-
-
Notifications
You must be signed in to change notification settings - Fork 797
Description
Feature Request: Support .to() Device Movement for Quantized Models
Summary
Enable moving quantized models (8-bit and 4-bit) between devices using .to(), allowing GPU→CPU→GPU movement without reloading from disk.
Motivation
Use Case: Fast Model Swapping in Multi-Model Workflows
When running inference pipelines that use multiple large models sequentially (e.g., image generation → upscaling → face restoration), users need to:
- Run Model A on GPU
- Free GPU VRAM for Model B
- Run Model B on GPU
- Restore Model A for next iteration
Current behavior:
- Calling
.to('cpu')or.to('cuda')on a quantized model raises:".to" is not supported for "8-bit" bitsandbytes models - Users must delete the model and reload from disk (slow, 1-2+ minutes for large models)
Desired behavior:
- Move quantized model to CPU RAM (fast, ~10-20 seconds)

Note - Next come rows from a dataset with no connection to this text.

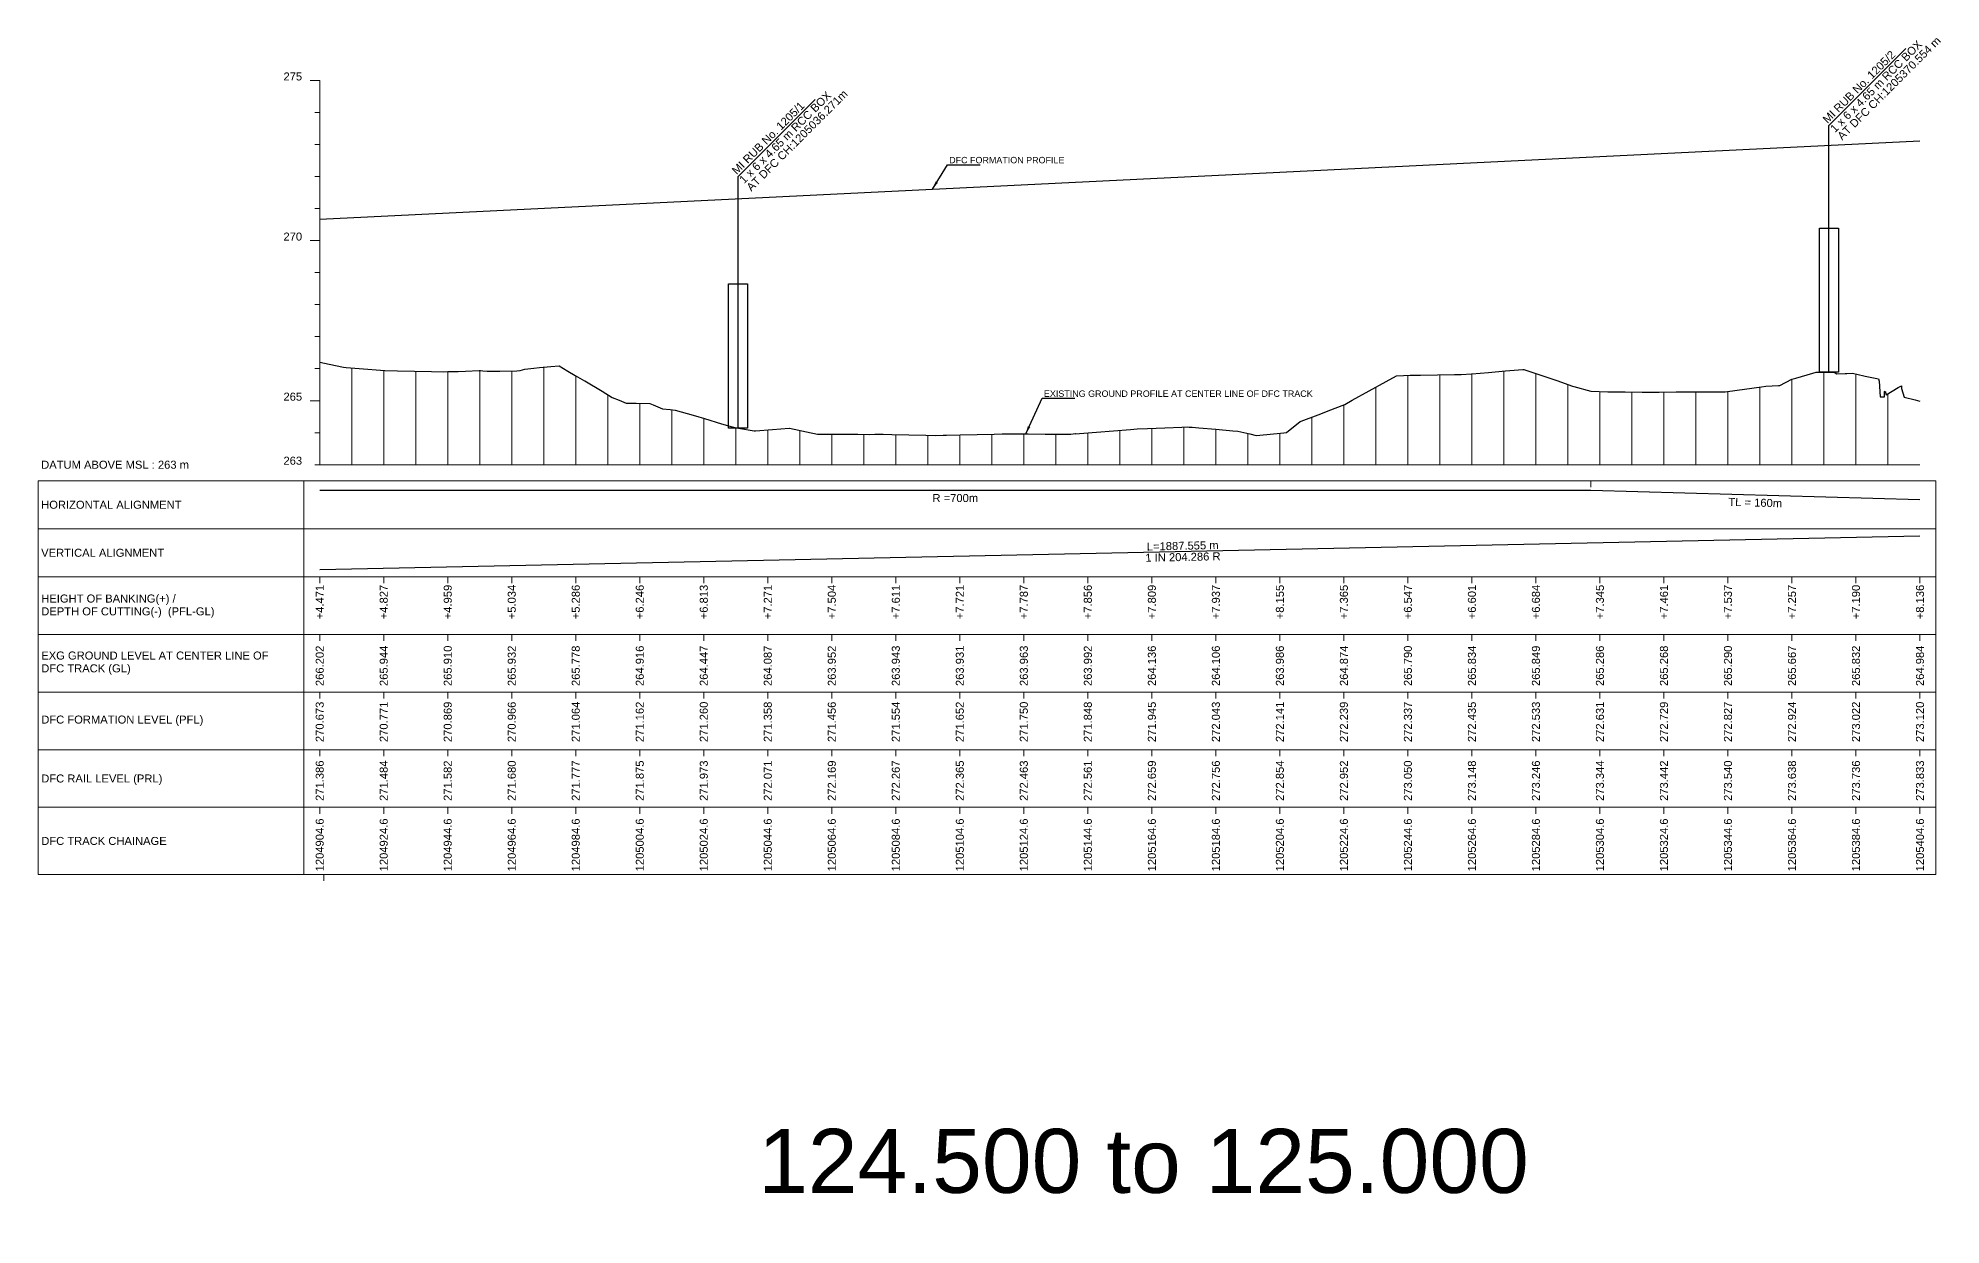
# Model space of a CAD drawing. Header units: metres. Extents: x 33905 to 43505, y -12340 to -11815.
# Drawn here: x 34912 to 35507, y -12237 to -11867 of the extents above; entities that cross this region are included whole.
import ezdxf
from ezdxf.enums import TextEntityAlignment as Align

# ---------------------------------------------------------------- set-up
doc = ezdxf.new("R2010")
doc.units = ezdxf.units.M
doc.header["$MEASUREMENT"] = 0
for name, color, linetype, lineweight in [('LS BRIDGE INDICATION', 10, 'Continuous', 30), ('LS CUT FILL', 10, 'Continuous', 0), ('LS DATUM', 7, 'Continuous', 0), ('LS DATUM X', 7, 'Continuous', 0), ('LS DATUM Y', 7, 'Continuous', 0), ('LS EXG GL', 7, 'Continuous', 0), ('LS EXG. GL', 7, 'Continuous', 0), ('LS FRAME', 7, 'Continuous', 0), ('LS PRO FL', 10, 'Continuous', 0), ('LS PRO. CUT & FILL', 10, 'Continuous', 0), ('LS PRO. DFCC CH', 10, 'Continuous', 0), ('LS PRO. FL', 10, 'Continuous', 0), ('LS PRO. RL', 10, 'Continuous', 0), ('LS PROFILE EXG GL', 7, 'Continuous', 30), ('LS PROFILE PRO FL', 1, 'Continuous', 30), ('LS TICKS', 7, 'Continuous', 0), ('Profile Grid', 7, 'Continuous', 0)]:
    doc.layers.add(name, color=color, linetype=linetype, lineweight=lineweight)
for name, color, linetype in [("LS BRIDGE'S", 7, 'Continuous'), ('LS HORIZONTAL ALIGNMENT', 10, 'Continuous'), ('LS VERTICAL ALIGNMENT', 10, 'Continuous'), ('ref text', 3, 'Continuous')]:
    doc.layers.add(name, color=color, linetype=linetype)
doc.styles.get("Standard").update_dxf_attribs({"font": 'arial.ttf'})
doc.styles.add('Style-Arial', font='arial.ttf')
doc.styles.add('StyleArial', font='arial.ttf')
doc.dimstyles.get("Standard").update_dxf_attribs({"dimtxt": 0.18, "dimasz": 0.18, "dimexe": 0.18, "dimexo": 0.0625, "dimgap": 0.09, "dimtad": 0, "dimtih": 1, "dimtoh": 1, "dimdec": 4, "dimzin": 0, "dimdsep": 46, "dimtxsty": 'Standard', "dimcen": 0.09, "dimadec": 0, "dimazin": 0, "dimtfac": 1, "dimtdec": 4, "dimtofl": 0, "dimtmove": 0, "dimatfit": 3, "dimfxl": 1, "dimtolj": 1, "dimtzin": 0, "dimarcsym": 0})

msp = doc.modelspace()

# ---------------------------------------------------------------- linework, layer by layer
at = {"layer": 'LS BRIDGE INDICATION'}
for points in [[(35468.56, -11926.08), (35474.56, -11926.08), (35474.56, -11971.08), (35468.56, -11971.08)], [(35127.71, -11943.55), (35133.71, -11943.55), (35133.71, -11988.55), (35127.71, -11988.55)]]:
    msp.add_lwpolyline(points, close=True, dxfattribs=at)
at = {"layer": "LS BRIDGE'S", "color": 10}
for points in [[(35471.56, -11971.08), (35471.56, -11894.08), (35495.61, -11870.03)], [(35130.71, -11988.55), (35130.71, -11910.04), (35154.76, -11885.99)]]:
    msp.add_lwpolyline(points, dxfattribs=at)
at = {"layer": 'LS DATUM X', "color": 7, "linetype": 'Continuous', "lineweight": 0}
msp.add_line((35000, -12000), (35500, -12000), dxfattribs=at)
at = {"layer": 'LS DATUM Y', "color": 7, "linetype": 'Continuous', "lineweight": 0}
for p, q in [((34997, -11880), (35000, -11880)), ((35000, -12000), (35000, -11880)), ((34998.5, -11890), (35000, -11890)), ((34998.5, -11900), (35000, -11900)), ((34998.5, -11910), (35000, -11910)), ((34998.5, -11920), (35000, -11920)), ((34997, -11930), (35000, -11930)), ((34998.5, -11940), (35000, -11940)), ((34998.5, -11950), (35000, -11950)), ((34998.5, -11960), (35000, -11960)), ((34998.5, -11970), (35000, -11970)), ((34997, -11980), (35000, -11980)), ((34998.5, -11990), (35000, -11990)), ((34998.5, -12000), (35000, -12000))]:
    msp.add_line(p, q, dxfattribs=at)
at = {"layer": 'LS FRAME'}
for points in [[(34995, -12005), (34912, -12005), (34912, -12020), (34995, -12020)], [(34995, -12020), (34912, -12020), (34912, -12035), (34995, -12035)], [(34995, -12035), (34912, -12035), (34912, -12053), (34995, -12053)], [(34995, -12053), (34912, -12053), (34912, -12071), (34995, -12071)], [(34995, -12071), (34912, -12071), (34912, -12089), (34995, -12089)], [(34995, -12089), (34912, -12089), (34912, -12107), (34995, -12107)], [(34995, -12107), (34912, -12107), (34912, -12128), (34995, -12128)]]:
    msp.add_lwpolyline(points, dxfattribs=at)
at = {"layer": 'LS FRAME', "color": 7, "linetype": 'Continuous', "lineweight": 0, "flags": 128}
for points in [[(34995, -12020), (35505, -12020), (35505, -12005), (34995, -12005), (34995, -12020)], [(34995, -12035), (35505, -12035), (35505, -12020), (34995, -12020), (34995, -12035)], [(34995, -12053), (35505, -12053), (35505, -12035), (34995, -12035), (34995, -12053)], [(34995, -12071), (35505, -12071), (35505, -12053), (34995, -12053), (34995, -12071)], [(34995, -12089), (35505, -12089), (35505, -12071), (34995, -12071), (34995, -12089)], [(34995, -12107), (35505, -12107), (35505, -12089), (34995, -12089), (34995, -12107)], [(34995, -12128), (35505, -12128), (35505, -12107), (34995, -12107), (34995, -12128)]]:
    msp.add_lwpolyline(points, close=True, dxfattribs=at)
at = {"layer": 'LS HORIZONTAL ALIGNMENT', "flags": 128}
msp.add_lwpolyline([(35000, -12008), (35397.18, -12008), (35397.18, -12008), (35500, -12010.86)], dxfattribs=at)
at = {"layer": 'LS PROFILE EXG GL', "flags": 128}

- Model stays in system RAM while other models use GPU
- Restore to GPU when needed (fast, ~10-20 seconds)
Real-World Example
Testing with Hunyuan Image 3.0 (13B parameters, ~81GB INT8):
- Reload from NVMe SSD: ~1:40 minutes
- Theoretical CPU→GPU transfer (if supported): ~10-20 seconds at DDR5 speeds
For iterative workflows generating 10+ images with model switching, this adds 15+ minutes of unnecessary I/O overhead.
Technical Context
Current Limitation
The quantization state (quant_state) appears to be tied to the original device. The Linear8bitLt and Linear4bit modules explicitly block .to() operations.
Suggested Approaches
-
Dequantize → Move → Requantize
- Store original quantization config
- Dequantize weights to full precision on source device
- Move dequantized weights to target device
- Requantize on target device
- Higher memory peak during move, but enables the workflow
-
Direct State Movement
- Move the underlying tensors and
quant_statetogether - Update device references in
quant_state - May require CUDA↔CPU implementations for quantization ops
- Move the underlying tensors and
-
Lazy Re-quantization
- Move dequantized weights to CPU
- Store quantization config
- Re-quantize on-demand when
.to('cuda')is called
Environment
- bitsandbytes version: 0.44.x / 0.45.x
- PyTorch: 2.0+
- Hardware: Multi-GPU and high-RAM systems where CPU parking is viable
Workaround Attempts
We attempted to:
- Manually iterate through modules and move non-quantized components
- Clear CUDA cache and use the model from CPU
- Save/reload from a RAM disk
None provide the seamless experience of true .to() support.
Impact
This would benefit:
- ComfyUI/Automatic1111 users: Multi-model workflows are common
- Production inference pipelines: Model orchestration with limited VRAM
- Research workflows: Comparing quantized vs full-precision models
Related Issues
- [Link to any existing issues if found]
Proposed API
# Current (fails)
model = model.to('cpu') # Raises error
# Desired
model = model.to('cpu') # Moves model to CPU, preserves quantization state
model = model.to('cuda:0') # Moves back, ready for inference
# Alternative explicit API
model = model.dequantize_and_move('cpu') # If implicit .to() is too complex
model = model.move_and_requantize('cuda:0')Willingness to Contribute
I'm happy to help test any proposed implementation or provide additional use case details.
Thank you for considering this feature request!